WORK ITEM: Beneath this instruction is a listing; print exactly the lines in it starting at the line that contains "port_label('output', 1, 'q');" and going through the line that contains "qd2 : ToWorkspace".

INPUT:
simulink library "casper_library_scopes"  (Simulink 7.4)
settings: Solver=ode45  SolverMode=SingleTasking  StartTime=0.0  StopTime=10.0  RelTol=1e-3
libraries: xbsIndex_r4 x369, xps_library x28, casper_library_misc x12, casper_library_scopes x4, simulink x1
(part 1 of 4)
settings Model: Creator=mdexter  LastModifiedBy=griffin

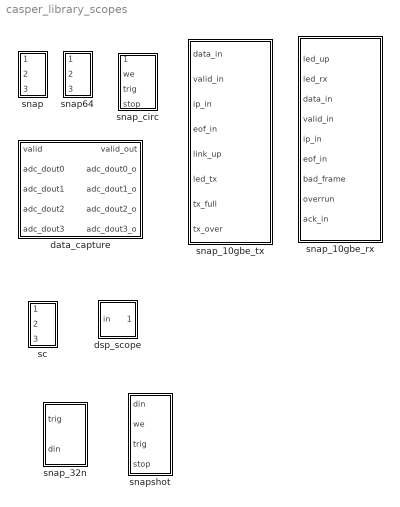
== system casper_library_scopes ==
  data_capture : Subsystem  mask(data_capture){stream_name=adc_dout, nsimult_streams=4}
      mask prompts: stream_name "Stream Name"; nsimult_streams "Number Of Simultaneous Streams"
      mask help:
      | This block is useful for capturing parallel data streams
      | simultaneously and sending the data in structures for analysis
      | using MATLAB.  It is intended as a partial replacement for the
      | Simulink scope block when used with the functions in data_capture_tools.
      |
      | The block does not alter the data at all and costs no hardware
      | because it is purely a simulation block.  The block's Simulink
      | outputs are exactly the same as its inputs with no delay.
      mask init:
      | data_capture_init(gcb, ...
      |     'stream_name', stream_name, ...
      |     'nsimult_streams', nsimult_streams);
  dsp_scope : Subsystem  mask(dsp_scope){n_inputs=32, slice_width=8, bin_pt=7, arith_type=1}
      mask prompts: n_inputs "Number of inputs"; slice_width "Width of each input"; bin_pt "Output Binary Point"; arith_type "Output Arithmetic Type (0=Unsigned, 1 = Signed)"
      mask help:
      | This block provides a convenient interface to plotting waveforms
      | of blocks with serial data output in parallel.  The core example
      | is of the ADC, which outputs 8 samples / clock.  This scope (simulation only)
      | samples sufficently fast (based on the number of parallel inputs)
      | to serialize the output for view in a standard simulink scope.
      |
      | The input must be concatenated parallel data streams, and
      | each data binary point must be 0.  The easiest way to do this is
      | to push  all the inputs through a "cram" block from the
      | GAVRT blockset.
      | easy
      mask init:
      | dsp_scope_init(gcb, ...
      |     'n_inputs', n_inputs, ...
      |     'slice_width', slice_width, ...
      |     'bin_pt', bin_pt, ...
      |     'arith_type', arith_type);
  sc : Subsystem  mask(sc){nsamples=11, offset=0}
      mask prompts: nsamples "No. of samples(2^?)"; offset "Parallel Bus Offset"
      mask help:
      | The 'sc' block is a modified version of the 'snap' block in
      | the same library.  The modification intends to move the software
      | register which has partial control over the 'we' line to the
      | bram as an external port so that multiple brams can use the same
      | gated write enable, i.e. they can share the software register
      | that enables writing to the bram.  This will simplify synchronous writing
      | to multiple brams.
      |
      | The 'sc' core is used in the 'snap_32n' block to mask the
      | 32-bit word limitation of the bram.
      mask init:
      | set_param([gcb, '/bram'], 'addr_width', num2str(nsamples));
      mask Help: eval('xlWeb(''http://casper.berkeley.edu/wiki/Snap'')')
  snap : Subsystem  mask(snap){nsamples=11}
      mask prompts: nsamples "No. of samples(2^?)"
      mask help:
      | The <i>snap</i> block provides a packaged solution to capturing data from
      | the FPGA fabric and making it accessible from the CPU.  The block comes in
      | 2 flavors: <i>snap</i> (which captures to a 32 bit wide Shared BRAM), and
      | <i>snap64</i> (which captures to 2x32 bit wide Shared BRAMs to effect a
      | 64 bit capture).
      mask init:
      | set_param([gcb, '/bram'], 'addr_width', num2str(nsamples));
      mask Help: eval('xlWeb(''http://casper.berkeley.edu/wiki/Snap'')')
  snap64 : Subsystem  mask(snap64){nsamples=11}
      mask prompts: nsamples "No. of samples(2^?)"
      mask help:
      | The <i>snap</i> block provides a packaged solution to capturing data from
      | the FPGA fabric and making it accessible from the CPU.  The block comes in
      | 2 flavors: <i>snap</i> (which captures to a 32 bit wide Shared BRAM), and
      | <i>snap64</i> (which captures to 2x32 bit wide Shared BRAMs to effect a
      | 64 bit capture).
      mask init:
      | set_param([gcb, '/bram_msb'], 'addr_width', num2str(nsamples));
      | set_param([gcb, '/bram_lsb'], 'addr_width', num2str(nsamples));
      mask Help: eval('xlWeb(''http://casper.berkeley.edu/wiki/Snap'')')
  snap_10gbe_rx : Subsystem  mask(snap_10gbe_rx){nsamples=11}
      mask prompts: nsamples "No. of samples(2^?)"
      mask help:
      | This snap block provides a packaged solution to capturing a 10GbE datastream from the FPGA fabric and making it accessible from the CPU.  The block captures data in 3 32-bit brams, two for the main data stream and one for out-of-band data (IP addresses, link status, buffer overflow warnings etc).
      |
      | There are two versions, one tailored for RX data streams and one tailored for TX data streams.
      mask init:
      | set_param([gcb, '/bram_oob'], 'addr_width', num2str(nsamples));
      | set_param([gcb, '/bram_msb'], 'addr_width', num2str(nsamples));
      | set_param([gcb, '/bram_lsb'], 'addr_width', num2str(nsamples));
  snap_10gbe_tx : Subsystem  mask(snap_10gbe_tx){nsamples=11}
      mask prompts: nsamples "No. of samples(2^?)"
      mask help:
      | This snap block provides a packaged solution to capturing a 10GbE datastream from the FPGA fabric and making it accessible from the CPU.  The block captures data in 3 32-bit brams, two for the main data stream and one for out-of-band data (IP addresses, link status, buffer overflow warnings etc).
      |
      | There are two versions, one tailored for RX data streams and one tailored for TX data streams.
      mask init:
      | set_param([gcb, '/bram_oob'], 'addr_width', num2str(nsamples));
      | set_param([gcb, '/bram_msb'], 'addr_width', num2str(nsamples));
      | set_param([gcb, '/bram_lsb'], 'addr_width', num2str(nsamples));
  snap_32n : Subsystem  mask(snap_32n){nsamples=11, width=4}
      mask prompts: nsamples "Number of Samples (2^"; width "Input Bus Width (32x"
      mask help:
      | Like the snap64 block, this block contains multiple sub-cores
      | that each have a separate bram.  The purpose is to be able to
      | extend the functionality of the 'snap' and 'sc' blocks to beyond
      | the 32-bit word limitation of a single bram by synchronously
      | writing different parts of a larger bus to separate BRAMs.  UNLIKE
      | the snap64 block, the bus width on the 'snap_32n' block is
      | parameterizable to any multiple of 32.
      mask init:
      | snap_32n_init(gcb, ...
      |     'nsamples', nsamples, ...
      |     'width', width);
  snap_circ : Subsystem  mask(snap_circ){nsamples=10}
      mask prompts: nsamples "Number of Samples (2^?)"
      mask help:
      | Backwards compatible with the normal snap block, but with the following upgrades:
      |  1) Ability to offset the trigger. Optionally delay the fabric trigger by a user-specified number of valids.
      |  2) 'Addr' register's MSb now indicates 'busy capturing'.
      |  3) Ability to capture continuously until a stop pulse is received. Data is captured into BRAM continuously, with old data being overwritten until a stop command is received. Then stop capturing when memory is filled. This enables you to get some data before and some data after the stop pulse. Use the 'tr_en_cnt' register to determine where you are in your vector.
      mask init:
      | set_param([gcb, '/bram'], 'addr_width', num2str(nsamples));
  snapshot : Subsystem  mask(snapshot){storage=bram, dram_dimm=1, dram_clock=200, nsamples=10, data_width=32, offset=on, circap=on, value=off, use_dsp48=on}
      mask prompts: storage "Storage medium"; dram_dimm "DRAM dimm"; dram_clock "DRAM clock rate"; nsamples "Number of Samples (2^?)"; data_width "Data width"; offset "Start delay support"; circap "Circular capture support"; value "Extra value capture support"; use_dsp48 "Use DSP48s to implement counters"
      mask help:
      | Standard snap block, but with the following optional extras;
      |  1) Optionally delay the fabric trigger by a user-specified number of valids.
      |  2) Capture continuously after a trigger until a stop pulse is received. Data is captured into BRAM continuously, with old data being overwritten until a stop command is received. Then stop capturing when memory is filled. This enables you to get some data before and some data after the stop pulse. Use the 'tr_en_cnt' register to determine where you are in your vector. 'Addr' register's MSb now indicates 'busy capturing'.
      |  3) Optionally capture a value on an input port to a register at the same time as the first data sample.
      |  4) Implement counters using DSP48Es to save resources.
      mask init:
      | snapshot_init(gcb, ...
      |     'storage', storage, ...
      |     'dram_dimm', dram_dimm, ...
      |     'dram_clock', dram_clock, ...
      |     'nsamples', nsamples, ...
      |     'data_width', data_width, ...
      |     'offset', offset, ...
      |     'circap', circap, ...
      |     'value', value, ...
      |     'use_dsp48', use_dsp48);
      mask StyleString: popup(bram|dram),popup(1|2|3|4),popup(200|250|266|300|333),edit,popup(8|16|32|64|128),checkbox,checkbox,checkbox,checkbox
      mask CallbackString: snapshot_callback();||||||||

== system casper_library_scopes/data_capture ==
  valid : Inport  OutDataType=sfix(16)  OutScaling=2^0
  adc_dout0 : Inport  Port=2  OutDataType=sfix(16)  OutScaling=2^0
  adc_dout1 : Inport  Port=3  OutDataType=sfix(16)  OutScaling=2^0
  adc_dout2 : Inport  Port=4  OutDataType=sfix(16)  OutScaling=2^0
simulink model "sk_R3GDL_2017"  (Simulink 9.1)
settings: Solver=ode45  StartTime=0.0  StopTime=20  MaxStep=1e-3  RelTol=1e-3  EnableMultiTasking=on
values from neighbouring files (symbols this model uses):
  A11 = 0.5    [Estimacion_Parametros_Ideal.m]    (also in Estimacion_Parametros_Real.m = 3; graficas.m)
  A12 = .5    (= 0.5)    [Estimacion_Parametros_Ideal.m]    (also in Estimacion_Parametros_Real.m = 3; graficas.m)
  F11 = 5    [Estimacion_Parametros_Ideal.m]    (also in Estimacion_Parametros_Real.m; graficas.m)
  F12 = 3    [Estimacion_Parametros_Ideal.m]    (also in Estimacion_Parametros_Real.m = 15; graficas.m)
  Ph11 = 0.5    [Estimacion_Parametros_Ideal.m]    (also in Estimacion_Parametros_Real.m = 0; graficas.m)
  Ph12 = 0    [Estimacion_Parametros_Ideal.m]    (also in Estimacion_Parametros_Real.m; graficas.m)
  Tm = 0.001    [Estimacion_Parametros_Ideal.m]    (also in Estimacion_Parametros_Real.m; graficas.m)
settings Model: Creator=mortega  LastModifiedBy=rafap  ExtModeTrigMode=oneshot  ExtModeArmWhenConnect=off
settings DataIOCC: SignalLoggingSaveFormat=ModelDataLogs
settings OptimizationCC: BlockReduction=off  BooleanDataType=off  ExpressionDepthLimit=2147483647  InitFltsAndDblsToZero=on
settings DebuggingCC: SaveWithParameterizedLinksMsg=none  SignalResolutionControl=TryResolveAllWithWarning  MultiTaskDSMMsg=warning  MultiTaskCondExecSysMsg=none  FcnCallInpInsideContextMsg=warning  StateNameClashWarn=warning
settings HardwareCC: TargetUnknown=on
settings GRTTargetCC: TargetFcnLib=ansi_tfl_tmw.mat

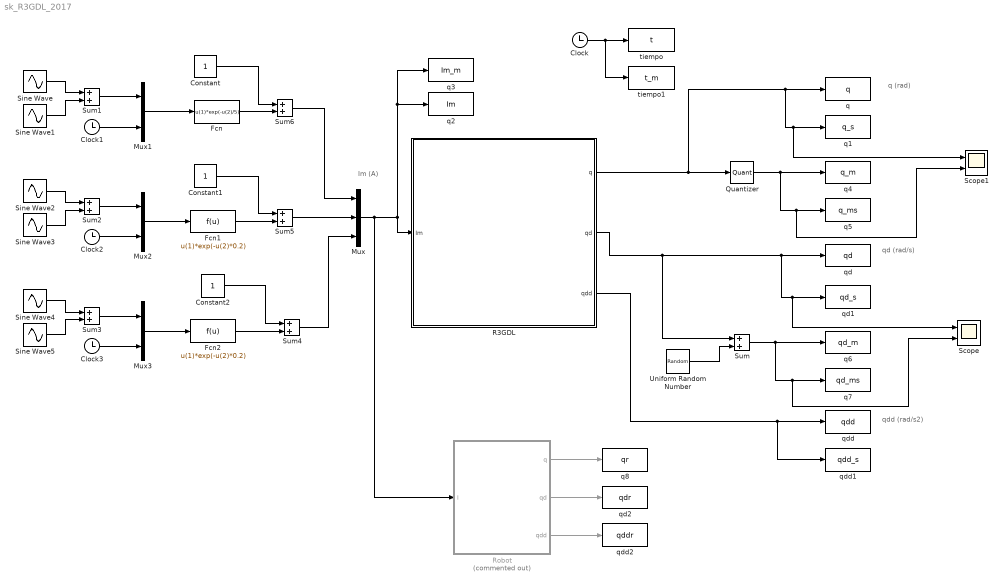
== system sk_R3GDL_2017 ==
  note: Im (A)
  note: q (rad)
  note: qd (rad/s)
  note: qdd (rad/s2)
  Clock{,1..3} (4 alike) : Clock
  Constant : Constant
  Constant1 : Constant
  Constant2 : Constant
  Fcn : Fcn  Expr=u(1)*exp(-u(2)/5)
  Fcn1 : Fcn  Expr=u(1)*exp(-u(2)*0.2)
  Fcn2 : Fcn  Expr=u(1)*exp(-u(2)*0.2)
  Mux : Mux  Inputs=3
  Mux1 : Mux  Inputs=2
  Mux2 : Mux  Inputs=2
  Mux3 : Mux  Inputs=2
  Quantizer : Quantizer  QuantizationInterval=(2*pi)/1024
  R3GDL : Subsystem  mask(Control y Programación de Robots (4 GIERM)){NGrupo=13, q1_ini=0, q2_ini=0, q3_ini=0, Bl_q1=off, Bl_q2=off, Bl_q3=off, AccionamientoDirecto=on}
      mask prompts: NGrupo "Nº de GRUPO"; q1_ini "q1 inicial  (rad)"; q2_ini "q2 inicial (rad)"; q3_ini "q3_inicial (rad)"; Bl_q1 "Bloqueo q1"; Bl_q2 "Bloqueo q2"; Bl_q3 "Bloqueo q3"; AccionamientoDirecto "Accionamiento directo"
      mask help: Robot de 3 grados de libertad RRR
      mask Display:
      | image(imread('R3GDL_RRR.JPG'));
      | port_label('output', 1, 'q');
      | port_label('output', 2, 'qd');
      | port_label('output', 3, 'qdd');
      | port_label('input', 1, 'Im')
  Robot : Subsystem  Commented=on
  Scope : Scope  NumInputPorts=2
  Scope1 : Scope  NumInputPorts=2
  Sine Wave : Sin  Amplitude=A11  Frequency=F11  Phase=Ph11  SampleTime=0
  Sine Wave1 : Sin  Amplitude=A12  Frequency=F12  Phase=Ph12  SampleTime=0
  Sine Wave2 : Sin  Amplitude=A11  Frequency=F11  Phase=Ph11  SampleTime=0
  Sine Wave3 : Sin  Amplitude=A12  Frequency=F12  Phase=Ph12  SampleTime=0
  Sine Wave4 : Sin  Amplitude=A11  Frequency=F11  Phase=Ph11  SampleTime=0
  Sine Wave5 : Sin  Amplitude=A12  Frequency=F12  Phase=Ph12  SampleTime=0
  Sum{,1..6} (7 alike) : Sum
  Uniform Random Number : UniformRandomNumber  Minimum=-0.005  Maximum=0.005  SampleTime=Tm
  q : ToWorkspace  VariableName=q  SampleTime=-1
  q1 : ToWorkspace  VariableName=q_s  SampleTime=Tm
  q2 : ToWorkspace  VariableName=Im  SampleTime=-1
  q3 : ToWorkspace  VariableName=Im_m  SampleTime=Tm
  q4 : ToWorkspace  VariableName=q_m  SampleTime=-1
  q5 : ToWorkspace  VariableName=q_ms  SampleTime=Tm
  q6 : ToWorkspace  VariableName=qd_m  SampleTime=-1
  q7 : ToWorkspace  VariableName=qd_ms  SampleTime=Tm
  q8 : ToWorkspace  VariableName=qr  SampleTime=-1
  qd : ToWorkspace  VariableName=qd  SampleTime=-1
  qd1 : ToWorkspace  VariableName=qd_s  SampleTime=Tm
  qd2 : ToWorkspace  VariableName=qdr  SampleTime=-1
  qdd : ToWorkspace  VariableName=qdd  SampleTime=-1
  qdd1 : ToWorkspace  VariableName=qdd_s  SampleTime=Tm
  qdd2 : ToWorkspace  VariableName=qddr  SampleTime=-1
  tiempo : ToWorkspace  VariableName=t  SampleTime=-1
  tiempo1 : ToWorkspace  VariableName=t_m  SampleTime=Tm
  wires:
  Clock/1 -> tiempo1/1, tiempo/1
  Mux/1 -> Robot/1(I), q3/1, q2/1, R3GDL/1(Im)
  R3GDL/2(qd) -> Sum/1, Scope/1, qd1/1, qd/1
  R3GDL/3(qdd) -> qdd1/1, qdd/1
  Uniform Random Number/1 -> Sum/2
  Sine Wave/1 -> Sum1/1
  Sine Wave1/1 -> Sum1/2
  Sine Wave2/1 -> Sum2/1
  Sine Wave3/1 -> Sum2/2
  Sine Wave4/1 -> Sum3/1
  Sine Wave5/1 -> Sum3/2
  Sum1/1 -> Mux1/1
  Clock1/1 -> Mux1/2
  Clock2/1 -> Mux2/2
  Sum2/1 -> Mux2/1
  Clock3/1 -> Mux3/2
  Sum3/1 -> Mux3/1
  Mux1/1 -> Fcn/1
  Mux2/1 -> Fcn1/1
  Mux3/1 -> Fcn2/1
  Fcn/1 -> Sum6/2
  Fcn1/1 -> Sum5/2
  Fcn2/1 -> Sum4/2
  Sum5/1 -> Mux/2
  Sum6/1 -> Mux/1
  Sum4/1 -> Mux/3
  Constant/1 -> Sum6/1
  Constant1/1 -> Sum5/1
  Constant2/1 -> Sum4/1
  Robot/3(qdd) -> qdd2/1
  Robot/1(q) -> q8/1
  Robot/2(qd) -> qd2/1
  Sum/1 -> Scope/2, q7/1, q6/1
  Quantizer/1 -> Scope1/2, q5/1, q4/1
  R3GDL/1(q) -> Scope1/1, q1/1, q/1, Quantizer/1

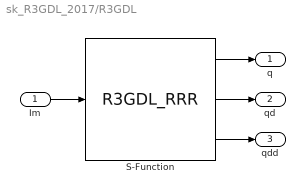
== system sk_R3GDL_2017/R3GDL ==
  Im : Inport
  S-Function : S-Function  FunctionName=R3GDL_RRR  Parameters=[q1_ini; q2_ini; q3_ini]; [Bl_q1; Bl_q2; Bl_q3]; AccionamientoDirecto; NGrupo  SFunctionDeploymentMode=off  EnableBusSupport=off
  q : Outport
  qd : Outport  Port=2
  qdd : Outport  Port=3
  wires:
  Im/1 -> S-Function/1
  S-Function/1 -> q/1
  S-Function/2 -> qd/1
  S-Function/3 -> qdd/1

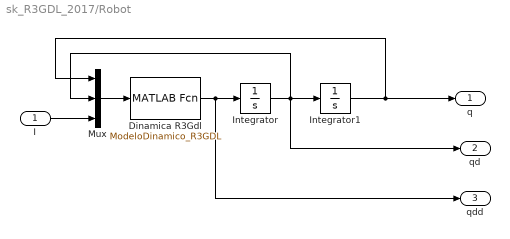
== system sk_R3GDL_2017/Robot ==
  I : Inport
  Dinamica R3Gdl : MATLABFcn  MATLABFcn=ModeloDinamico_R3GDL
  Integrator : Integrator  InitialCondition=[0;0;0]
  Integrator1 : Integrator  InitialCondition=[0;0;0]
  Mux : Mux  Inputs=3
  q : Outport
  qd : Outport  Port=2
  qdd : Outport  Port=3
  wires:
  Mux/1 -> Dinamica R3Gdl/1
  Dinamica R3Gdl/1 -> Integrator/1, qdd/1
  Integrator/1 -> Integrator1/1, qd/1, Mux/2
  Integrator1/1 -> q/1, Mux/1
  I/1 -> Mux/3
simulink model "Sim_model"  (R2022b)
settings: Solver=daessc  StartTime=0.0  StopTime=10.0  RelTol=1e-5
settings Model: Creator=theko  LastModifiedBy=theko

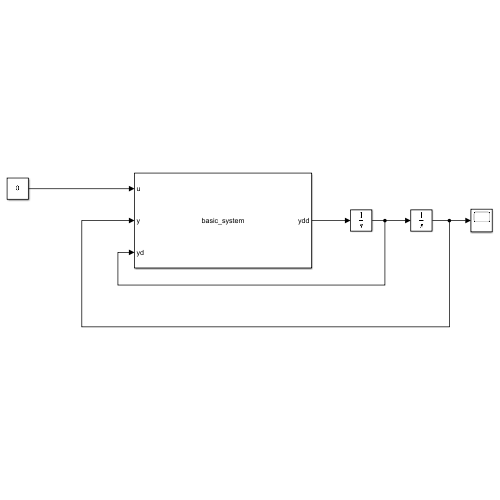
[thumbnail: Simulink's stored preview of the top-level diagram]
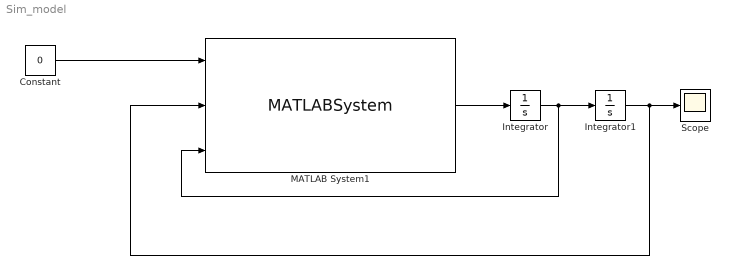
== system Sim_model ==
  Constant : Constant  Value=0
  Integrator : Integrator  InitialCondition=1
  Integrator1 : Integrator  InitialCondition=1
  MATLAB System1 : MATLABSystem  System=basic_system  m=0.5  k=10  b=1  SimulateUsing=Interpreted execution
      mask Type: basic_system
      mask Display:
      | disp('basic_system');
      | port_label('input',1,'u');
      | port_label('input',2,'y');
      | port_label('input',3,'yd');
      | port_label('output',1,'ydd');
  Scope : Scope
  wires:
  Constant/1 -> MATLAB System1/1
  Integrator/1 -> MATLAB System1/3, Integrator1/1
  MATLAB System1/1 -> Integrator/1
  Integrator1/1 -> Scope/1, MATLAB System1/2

EXERCISE SOLUTION:
      | port_label('output', 1, 'q');
      | port_label('output', 2, 'qd');
      | port_label('output', 3, 'qdd');
      | port_label('input', 1, 'Im')
  Robot : Subsystem  Commented=on
  Scope : Scope  NumInputPorts=2
  Scope1 : Scope  NumInputPorts=2
  Sine Wave : Sin  Amplitude=A11  Frequency=F11  Phase=Ph11  SampleTime=0
  Sine Wave1 : Sin  Amplitude=A12  Frequency=F12  Phase=Ph12  SampleTime=0
  Sine Wave2 : Sin  Amplitude=A11  Frequency=F11  Phase=Ph11  SampleTime=0
  Sine Wave3 : Sin  Amplitude=A12  Frequency=F12  Phase=Ph12  SampleTime=0
  Sine Wave4 : Sin  Amplitude=A11  Frequency=F11  Phase=Ph11  SampleTime=0
  Sine Wave5 : Sin  Amplitude=A12  Frequency=F12  Phase=Ph12  SampleTime=0
  Sum{,1..6} (7 alike) : Sum
  Uniform Random Number : UniformRandomNumber  Minimum=-0.005  Maximum=0.005  SampleTime=Tm
  q : ToWorkspace  VariableName=q  SampleTime=-1
  q1 : ToWorkspace  VariableName=q_s  SampleTime=Tm
  q2 : ToWorkspace  VariableName=Im  SampleTime=-1
  q3 : ToWorkspace  VariableName=Im_m  SampleTime=Tm
  q4 : ToWorkspace  VariableName=q_m  SampleTime=-1
  q5 : ToWorkspace  VariableName=q_ms  SampleTime=Tm
  q6 : ToWorkspace  VariableName=qd_m  SampleTime=-1
  q7 : ToWorkspace  VariableName=qd_ms  SampleTime=Tm
  q8 : ToWorkspace  VariableName=qr  SampleTime=-1
  qd : ToWorkspace  VariableName=qd  SampleTime=-1
  qd1 : ToWorkspace  VariableName=qd_s  SampleTime=Tm
  qd2 : ToWorkspace  VariableName=qdr  SampleTime=-1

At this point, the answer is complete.